#### Description of the task:
An acceptable answer repeats exactly the line with "03 - Manter" and each line after it through the end of the entries, and includes nothing else.
——————————
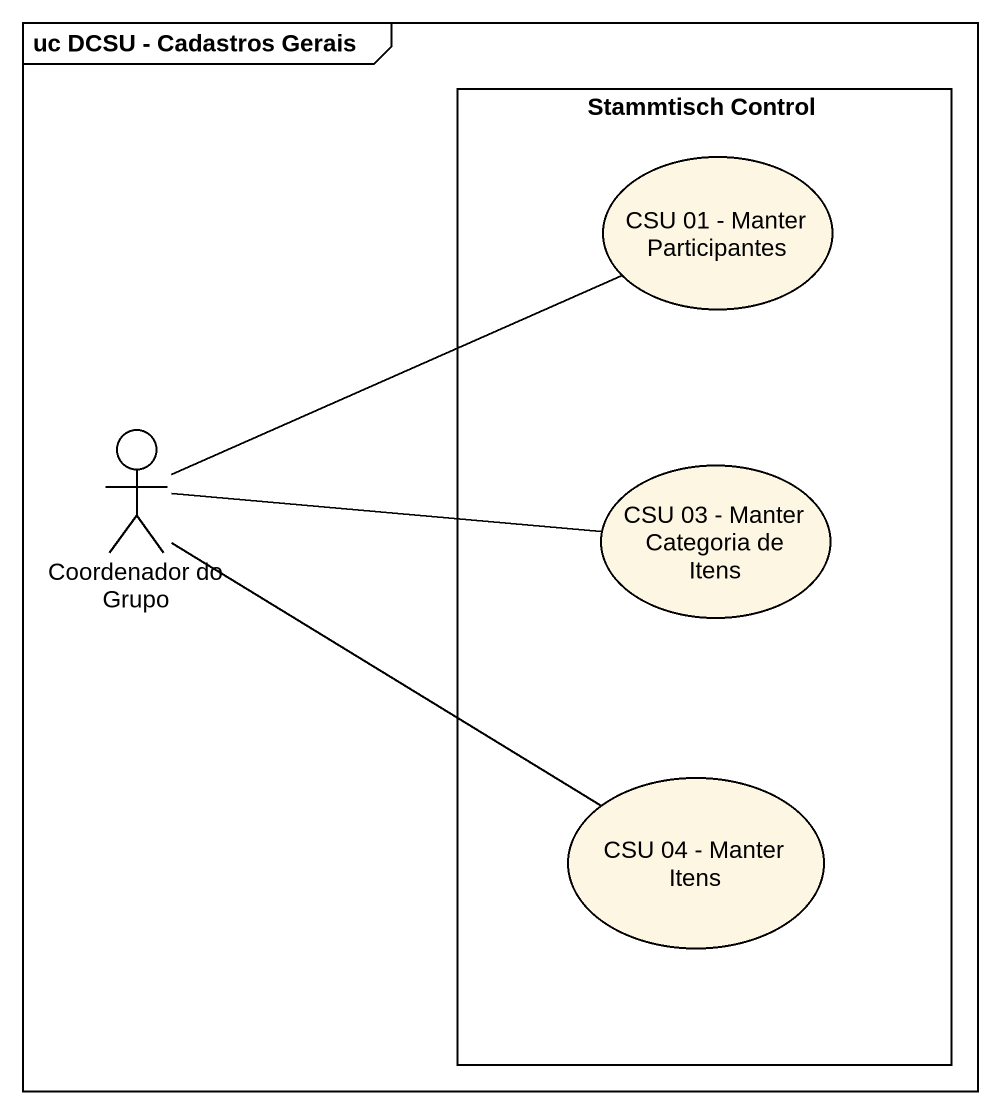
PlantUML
@startuml
mainframe uc DCSU - Cadastros Gerais
rectangle "Stammtisch Control" as Stammtisch_Control {
  usecase "CSU 01 - Manter Participantes" as CSU_01_Manter_Participantes
  usecase "CSU 03 - Manter Categoria de Itens" as CSU_03_Manter_Categoria_de
  usecase "CSU 04 - Manter Itens" as CSU_04_Manter_Itens
}
actor "Coordenador do Grupo" as Coordenador_do_Grupo
Coordenador_do_Grupo -right- CSU_01_Manter_Participantes
Coordenador_do_Grupo -right- CSU_03_Manter_Categoria_de
Coordenador_do_Grupo -right- CSU_04_Manter_Itens
@enduml
——————————
#### Output for this task:
  usecase "CSU 03 - Manter Categoria de Itens" as CSU_03_Manter_Categoria_de
  usecase "CSU 04 - Manter Itens" as CSU_04_Manter_Itens
}
actor "Coordenador do Grupo" as Coordenador_do_Grupo
Coordenador_do_Grupo -right- CSU_01_Manter_Participantes
Coordenador_do_Grupo -right- CSU_03_Manter_Categoria_de
Coordenador_do_Grupo -right- CSU_04_Manter_Itens
@enduml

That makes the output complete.